(Records excerpted from a collection)
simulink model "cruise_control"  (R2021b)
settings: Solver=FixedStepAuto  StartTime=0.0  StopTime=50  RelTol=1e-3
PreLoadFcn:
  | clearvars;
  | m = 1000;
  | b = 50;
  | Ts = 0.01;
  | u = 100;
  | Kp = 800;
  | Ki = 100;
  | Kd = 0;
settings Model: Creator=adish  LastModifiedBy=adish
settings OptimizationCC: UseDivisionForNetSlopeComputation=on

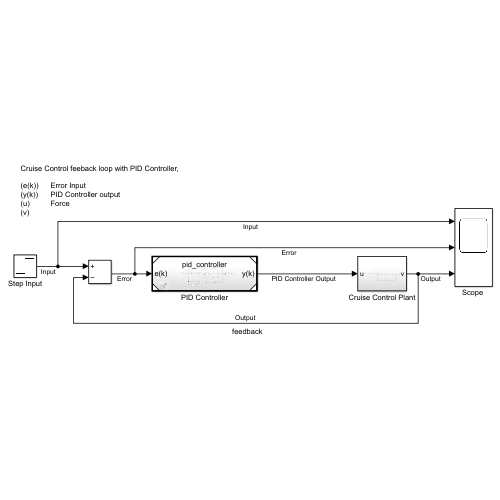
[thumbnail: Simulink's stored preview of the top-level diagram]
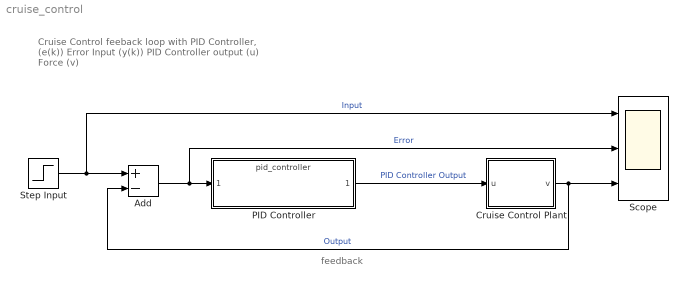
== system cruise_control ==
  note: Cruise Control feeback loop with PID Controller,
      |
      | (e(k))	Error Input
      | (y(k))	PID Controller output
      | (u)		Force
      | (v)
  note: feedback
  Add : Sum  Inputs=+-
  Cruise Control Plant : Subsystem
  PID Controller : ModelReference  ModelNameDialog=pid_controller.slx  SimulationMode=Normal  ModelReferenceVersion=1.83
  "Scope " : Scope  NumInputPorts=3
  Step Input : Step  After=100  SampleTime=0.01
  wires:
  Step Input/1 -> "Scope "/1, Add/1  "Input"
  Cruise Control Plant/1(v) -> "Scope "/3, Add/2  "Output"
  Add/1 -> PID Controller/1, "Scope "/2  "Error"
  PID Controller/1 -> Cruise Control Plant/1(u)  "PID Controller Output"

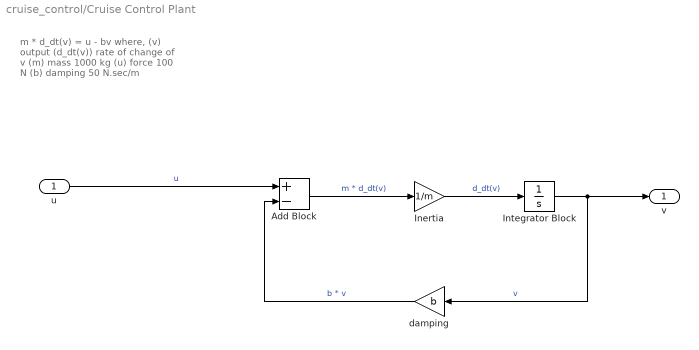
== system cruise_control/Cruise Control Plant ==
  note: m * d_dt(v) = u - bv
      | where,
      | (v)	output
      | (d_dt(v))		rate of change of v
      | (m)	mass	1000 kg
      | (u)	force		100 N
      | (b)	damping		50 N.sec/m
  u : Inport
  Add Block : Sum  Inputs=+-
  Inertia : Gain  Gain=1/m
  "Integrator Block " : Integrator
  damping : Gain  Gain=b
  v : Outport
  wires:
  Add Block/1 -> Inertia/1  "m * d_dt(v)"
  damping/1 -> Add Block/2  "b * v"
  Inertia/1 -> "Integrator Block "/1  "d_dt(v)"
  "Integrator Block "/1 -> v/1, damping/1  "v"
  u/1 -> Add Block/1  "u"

**Task goal:** The expected output is the lines above from the one containing "settings Model: Creator=adish" to the one containing "note: m * d_dt(v) = u - bv", both ends included, reproduced exactly with every picture left out.

**Finished exercise:**
settings Model: Creator=adish  LastModifiedBy=adish
settings OptimizationCC: UseDivisionForNetSlopeComputation=on

[thumbnail: Simulink's stored preview of the top-level diagram]
== system cruise_control ==
  note: Cruise Control feeback loop with PID Controller,
      |
      | (e(k))	Error Input
      | (y(k))	PID Controller output
      | (u)		Force
      | (v)
  note: feedback
  Add : Sum  Inputs=+-
  Cruise Control Plant : Subsystem
  PID Controller : ModelReference  ModelNameDialog=pid_controller.slx  SimulationMode=Normal  ModelReferenceVersion=1.83
  "Scope " : Scope  NumInputPorts=3
  Step Input : Step  After=100  SampleTime=0.01
  wires:
  Step Input/1 -> "Scope "/1, Add/1  "Input"
  Cruise Control Plant/1(v) -> "Scope "/3, Add/2  "Output"
  Add/1 -> PID Controller/1, "Scope "/2  "Error"
  PID Controller/1 -> Cruise Control Plant/1(u)  "PID Controller Output"

== system cruise_control/Cruise Control Plant ==
  note: m * d_dt(v) = u - bv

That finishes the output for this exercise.